Other budget provisions include a new program to raise teachers’ salaries to a minimum of $38,000 a year, with the state meeting 70% of those costs if local school districts agree to contribute the remaining 30%. .
Parents and other caregivers could get up to $1,500 in grants or reimbursements to pay for tutoring and other resources to help K-12 students catch up during the coronavirus pandemic.
Lawmakers have increased funding to fully pay the state’s share of the costs of K-12 public buses, which have been underfunded since 1991. The extra money could help avoid long walks to the school for K-12 students and four-day weeks.
“Additional state transportation dollars allow school leaders to transfer local funds to other high priority areas to further support students, teachers and staff,” Education Commissioner Margie said. Vandeven in a statement.
Public four-year colleges and universities are set to get a 5.5% funding boost, plus tens of millions more for construction projects on university and college campuses across the state.
Republican lawmakers caved and included money to pay for Medicaid expansion under the Federal Health Care Act of 2010 signed by former President Barack Obama, as approved by Missouri taxpayers in 2020.
Despite voter approval, GOP lawmakers — who have warned against promising more health care without knowing if the state will be able to afford it — have continued to fight the expansion, refusing to fund it last year.
They conceded after a judge last year ordered Republican Gov. Mike Parson’s administration to allow newly eligible adults to enroll.
Republicans also once again banned all public funding from going to Planned Parenthood centers, including clinics that don’t offer abortions.
Lawmakers were able to stop money going to Planned Parenthood in fiscal year 2019 by waiving some federal funding to avoid requiring clinics to be reimbursed if low-income patients come there for checkup. births, cancer screenings and other preventive care.
But the Missouri Supreme Court ruled in 2020 that lawmakers violated the constitution by changing the policy through the state budget, requiring the state to reimburse Planned Parenthood for health care provided to Medicaid patients.

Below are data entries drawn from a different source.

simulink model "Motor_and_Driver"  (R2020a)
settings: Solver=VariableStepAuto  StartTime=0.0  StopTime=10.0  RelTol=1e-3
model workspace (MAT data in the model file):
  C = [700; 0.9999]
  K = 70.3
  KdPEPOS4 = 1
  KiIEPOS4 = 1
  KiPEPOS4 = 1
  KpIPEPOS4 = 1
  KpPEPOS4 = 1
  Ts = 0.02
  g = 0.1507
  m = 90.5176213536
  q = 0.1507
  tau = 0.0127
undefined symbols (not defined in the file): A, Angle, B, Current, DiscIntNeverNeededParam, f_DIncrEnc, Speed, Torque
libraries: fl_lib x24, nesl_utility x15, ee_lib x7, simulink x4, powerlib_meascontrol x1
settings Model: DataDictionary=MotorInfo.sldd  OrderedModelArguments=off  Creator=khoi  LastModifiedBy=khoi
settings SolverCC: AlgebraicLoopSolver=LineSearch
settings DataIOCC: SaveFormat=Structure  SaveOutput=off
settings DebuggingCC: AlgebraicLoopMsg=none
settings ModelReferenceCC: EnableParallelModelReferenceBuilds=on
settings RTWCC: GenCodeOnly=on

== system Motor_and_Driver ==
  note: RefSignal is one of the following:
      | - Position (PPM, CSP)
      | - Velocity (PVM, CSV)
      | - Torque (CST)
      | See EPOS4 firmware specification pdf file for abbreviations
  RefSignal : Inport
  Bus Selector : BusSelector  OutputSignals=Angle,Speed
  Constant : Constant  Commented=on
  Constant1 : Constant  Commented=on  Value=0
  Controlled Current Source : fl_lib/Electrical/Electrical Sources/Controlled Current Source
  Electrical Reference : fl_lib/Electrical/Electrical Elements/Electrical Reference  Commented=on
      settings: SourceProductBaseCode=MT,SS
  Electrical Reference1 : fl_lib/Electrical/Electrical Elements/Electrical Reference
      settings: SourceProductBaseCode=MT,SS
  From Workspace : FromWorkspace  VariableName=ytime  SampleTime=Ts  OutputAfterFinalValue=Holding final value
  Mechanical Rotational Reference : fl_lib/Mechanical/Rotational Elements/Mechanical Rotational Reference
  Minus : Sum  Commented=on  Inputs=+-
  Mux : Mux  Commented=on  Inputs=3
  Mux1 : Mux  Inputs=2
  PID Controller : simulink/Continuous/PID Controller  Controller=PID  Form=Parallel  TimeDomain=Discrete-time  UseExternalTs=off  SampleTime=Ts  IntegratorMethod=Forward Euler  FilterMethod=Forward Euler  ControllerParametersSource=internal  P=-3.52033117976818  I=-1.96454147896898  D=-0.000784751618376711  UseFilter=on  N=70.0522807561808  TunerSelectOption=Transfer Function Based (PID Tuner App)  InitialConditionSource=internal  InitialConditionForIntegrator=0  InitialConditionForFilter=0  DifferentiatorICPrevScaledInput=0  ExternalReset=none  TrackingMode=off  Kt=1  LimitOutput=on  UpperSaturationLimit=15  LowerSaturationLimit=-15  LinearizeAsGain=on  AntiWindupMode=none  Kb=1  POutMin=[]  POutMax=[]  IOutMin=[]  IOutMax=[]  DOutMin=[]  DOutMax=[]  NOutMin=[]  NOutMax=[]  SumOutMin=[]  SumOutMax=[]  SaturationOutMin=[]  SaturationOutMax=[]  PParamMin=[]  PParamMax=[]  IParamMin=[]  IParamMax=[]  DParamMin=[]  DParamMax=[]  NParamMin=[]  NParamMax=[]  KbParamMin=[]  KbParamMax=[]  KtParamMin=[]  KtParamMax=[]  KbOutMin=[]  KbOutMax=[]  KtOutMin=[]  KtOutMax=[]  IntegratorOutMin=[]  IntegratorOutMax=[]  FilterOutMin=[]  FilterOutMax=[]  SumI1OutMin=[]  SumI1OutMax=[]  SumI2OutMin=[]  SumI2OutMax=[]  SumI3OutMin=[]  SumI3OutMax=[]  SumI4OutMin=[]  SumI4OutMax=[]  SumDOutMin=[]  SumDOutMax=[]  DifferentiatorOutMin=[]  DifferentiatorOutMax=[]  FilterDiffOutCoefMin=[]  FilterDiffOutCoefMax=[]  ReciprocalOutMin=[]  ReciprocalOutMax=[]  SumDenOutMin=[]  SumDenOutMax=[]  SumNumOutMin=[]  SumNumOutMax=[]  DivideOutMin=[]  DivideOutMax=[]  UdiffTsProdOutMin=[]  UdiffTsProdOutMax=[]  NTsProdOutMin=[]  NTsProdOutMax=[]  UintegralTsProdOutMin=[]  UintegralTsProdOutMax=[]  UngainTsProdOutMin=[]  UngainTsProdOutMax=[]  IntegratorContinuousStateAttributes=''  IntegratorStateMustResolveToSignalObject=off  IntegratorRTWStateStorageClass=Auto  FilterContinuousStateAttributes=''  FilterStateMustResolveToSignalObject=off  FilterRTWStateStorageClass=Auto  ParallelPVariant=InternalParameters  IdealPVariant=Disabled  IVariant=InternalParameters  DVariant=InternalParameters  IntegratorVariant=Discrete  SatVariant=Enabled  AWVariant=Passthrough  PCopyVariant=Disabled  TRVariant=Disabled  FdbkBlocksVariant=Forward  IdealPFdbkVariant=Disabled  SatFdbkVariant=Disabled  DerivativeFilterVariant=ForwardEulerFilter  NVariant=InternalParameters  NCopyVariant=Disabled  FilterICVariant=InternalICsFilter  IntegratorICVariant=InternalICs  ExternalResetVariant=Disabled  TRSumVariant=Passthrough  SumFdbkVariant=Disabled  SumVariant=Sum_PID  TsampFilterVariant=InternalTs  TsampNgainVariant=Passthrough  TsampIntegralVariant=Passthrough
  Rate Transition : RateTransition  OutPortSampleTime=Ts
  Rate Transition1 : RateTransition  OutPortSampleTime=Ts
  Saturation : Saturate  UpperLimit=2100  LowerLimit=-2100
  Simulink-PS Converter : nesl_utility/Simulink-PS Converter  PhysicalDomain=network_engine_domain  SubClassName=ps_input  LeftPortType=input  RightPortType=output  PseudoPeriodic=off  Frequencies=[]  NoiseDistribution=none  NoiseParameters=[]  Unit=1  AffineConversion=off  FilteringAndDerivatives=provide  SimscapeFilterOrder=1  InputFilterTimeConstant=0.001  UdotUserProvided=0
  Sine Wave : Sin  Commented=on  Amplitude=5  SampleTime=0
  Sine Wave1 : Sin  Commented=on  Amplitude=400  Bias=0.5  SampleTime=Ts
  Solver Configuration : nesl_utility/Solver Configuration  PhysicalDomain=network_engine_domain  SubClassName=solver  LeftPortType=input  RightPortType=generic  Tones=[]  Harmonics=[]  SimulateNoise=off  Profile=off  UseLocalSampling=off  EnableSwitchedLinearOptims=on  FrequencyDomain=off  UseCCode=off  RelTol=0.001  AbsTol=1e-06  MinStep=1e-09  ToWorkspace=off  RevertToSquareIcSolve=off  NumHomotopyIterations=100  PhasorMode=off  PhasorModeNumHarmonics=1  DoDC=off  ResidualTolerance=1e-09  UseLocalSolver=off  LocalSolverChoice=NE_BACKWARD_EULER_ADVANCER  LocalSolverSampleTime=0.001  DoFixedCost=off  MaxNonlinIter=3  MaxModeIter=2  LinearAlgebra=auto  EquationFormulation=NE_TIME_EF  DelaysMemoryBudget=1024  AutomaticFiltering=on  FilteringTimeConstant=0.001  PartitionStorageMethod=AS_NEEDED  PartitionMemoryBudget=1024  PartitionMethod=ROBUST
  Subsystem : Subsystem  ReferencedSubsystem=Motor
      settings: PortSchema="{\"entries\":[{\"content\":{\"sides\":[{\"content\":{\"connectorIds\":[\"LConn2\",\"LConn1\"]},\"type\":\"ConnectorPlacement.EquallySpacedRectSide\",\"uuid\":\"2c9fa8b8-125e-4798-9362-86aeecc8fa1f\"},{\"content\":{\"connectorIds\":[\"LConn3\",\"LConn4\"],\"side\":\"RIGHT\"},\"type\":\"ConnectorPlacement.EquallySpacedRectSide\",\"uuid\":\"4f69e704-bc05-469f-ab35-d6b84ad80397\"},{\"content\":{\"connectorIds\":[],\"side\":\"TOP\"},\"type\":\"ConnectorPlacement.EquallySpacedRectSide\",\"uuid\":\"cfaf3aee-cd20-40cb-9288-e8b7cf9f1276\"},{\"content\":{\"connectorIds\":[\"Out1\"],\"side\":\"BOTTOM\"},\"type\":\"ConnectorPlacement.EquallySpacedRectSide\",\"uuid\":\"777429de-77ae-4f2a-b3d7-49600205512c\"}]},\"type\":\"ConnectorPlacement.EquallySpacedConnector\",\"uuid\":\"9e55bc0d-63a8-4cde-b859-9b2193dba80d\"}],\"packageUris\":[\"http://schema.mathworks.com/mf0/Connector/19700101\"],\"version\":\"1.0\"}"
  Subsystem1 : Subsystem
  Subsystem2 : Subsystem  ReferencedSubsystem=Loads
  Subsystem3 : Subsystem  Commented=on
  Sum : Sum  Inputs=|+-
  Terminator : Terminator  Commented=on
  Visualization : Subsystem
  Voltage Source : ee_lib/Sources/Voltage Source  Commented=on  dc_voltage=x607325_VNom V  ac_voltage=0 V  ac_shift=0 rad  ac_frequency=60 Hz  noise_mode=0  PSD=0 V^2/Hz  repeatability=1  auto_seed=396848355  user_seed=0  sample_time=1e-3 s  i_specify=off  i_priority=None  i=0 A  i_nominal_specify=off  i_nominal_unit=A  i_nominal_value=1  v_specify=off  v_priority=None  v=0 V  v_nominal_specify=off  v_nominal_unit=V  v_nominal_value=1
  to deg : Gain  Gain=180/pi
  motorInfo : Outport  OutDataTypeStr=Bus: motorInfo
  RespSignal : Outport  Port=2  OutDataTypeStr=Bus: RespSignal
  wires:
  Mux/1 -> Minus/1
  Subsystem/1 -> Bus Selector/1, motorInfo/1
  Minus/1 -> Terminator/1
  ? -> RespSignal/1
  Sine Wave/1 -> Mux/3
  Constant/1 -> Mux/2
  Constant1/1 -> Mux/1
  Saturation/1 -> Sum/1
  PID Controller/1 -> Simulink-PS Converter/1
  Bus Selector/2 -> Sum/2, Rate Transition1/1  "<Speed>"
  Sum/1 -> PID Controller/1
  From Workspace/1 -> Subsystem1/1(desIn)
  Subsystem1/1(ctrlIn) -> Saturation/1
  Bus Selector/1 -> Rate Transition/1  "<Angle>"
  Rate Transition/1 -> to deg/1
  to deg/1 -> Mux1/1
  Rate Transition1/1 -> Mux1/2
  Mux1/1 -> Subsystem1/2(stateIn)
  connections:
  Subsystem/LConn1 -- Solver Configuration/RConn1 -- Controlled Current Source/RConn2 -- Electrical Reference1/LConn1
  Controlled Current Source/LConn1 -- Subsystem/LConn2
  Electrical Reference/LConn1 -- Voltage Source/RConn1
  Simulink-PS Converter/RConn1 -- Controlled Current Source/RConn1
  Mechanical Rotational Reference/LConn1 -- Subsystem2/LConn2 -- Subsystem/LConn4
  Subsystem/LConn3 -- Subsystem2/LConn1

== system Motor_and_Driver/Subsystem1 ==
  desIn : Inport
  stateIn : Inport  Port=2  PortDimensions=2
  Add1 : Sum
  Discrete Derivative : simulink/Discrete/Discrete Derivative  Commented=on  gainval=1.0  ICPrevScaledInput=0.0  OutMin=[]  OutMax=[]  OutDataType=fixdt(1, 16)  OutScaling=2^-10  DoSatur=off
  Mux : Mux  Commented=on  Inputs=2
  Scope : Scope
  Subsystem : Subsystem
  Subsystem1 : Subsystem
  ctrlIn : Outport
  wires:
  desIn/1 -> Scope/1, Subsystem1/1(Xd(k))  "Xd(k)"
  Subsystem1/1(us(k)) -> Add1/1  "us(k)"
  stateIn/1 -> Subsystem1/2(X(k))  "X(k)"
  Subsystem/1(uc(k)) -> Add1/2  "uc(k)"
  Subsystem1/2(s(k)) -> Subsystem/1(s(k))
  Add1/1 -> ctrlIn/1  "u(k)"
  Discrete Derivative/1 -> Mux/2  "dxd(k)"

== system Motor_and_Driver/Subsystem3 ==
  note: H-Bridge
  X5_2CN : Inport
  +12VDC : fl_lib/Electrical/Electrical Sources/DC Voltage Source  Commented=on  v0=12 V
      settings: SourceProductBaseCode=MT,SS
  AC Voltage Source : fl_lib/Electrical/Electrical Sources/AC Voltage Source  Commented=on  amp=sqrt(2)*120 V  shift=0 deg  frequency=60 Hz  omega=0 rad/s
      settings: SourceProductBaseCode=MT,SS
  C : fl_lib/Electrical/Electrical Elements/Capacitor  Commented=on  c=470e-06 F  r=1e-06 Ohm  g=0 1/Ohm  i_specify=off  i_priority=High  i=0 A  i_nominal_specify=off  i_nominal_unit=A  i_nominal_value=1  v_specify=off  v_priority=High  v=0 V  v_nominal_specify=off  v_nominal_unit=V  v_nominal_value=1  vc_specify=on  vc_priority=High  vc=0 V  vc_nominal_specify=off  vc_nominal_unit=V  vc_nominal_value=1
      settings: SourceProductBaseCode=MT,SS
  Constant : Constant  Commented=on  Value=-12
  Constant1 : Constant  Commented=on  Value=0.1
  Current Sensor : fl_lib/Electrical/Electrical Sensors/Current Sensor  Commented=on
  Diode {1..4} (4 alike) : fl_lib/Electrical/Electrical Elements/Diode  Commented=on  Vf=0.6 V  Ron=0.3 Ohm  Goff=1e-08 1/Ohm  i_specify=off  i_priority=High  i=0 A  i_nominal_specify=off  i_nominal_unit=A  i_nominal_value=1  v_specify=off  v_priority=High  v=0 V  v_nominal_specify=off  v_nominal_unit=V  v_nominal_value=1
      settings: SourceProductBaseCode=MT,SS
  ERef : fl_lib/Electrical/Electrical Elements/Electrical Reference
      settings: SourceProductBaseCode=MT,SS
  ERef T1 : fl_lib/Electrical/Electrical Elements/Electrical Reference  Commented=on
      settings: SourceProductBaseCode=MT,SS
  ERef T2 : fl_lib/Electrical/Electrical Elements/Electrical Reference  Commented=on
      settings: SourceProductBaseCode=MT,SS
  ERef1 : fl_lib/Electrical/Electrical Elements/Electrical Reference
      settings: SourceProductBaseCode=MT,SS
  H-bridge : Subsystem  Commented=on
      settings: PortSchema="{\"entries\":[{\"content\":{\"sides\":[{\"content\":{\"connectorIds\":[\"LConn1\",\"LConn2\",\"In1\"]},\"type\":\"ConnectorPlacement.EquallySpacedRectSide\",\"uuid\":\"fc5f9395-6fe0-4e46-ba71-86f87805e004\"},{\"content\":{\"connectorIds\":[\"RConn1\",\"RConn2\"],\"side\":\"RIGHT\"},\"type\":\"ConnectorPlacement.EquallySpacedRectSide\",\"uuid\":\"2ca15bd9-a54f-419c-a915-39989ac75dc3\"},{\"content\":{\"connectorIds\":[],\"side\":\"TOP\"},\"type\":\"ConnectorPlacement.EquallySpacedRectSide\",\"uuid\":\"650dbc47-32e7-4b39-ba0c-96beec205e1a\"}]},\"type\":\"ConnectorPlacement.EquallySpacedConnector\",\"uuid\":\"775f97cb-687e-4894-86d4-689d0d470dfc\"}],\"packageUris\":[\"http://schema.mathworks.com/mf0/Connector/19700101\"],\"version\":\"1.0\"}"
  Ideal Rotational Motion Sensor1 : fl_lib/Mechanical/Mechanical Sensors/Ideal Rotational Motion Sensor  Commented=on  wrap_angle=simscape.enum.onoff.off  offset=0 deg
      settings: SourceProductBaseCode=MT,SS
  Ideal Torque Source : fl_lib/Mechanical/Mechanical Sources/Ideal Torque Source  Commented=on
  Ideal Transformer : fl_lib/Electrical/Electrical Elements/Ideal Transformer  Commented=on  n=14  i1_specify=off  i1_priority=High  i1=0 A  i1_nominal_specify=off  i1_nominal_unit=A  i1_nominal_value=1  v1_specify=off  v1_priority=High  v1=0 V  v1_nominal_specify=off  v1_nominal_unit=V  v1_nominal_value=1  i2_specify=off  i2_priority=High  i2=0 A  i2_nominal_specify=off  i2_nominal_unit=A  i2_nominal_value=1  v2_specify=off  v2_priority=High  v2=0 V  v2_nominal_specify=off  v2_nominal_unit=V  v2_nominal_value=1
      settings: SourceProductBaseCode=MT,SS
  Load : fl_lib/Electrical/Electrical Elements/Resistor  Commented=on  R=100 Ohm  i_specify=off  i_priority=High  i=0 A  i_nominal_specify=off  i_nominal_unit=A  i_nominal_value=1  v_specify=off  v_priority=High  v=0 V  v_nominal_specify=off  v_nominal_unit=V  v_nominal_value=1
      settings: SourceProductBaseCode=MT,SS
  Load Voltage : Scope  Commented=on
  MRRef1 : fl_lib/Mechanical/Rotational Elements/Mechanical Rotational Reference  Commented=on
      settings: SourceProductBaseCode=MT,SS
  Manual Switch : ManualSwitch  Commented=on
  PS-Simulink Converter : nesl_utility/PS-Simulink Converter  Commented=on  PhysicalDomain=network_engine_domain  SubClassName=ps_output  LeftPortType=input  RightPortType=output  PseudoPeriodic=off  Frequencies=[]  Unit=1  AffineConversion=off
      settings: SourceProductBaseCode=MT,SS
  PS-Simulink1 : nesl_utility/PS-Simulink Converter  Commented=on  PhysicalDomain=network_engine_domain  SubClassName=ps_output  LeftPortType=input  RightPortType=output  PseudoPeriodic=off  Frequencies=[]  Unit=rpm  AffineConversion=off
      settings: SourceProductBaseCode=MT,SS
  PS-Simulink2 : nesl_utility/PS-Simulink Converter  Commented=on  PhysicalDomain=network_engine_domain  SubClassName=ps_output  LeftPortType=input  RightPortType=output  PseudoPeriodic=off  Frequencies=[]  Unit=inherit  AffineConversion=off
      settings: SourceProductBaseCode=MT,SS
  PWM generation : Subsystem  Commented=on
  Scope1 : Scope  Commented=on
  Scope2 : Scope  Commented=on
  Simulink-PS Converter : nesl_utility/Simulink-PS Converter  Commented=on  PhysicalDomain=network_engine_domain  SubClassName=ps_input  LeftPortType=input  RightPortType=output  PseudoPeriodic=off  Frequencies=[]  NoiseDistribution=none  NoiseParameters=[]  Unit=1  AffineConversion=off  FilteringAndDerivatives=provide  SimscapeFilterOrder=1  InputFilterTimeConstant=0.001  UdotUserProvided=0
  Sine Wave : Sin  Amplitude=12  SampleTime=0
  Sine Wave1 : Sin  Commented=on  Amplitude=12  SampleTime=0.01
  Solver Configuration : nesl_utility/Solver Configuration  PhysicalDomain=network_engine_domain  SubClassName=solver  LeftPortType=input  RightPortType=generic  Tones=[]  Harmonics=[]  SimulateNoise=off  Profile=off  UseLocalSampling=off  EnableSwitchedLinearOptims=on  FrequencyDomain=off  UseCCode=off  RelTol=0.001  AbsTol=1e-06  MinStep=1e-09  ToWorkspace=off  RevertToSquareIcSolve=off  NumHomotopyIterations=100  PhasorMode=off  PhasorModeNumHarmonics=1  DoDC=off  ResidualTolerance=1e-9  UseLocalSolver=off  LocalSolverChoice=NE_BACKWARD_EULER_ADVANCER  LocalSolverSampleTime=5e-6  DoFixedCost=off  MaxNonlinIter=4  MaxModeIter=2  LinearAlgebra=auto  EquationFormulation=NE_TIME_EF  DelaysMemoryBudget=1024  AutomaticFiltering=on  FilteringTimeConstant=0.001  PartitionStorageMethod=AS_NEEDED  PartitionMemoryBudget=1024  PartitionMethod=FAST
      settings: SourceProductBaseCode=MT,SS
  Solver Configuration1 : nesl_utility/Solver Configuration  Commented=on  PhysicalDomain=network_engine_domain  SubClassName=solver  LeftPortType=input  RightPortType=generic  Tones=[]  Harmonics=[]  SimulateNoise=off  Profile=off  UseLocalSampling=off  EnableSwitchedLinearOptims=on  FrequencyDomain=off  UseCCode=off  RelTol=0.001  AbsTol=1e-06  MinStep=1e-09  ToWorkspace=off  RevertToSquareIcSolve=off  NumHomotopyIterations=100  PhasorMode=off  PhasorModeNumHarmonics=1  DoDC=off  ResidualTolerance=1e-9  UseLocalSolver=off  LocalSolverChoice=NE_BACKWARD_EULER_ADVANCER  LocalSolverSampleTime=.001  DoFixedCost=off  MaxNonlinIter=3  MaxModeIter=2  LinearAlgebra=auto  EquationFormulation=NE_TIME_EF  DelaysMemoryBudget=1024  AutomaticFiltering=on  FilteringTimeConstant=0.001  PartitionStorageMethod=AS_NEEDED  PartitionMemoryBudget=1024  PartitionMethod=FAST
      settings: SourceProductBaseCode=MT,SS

Republicans have said they hope this year will be different as they work to pass laws outside of the budget banning public funds for abortions. Democrats have argued that the effort is still unconstitutional.
Yamelsie Rodríguez, president and CEO of Planned Parenthood of the St. Louis Region and Southwest Missouri, called on Democratic President Joe Biden’s administration to step in and enforce federal Medicaid law, which provides patient access to all voluntary Medicaid providers.
“The Biden administration must put its words into action and uphold the law,” she said in a statement.
A request for comment from The Associated Press to the US Department of Health and Human Services, which oversees the federal Medicaid program, was not immediately returned on Friday.
Missouri lawmakers also earmarked more money in the upcoming budget for home care for the elderly and people with disabilities, as well as $12 million more for opioid addiction treatment programs.
About $250 million in one-time federal funding will go to grants to expand high-speed internet, plus an additional $20 million to equip cell towers for broadband, especially in underserved areas.
Associated Press writer David A. Lieb contributed to this report.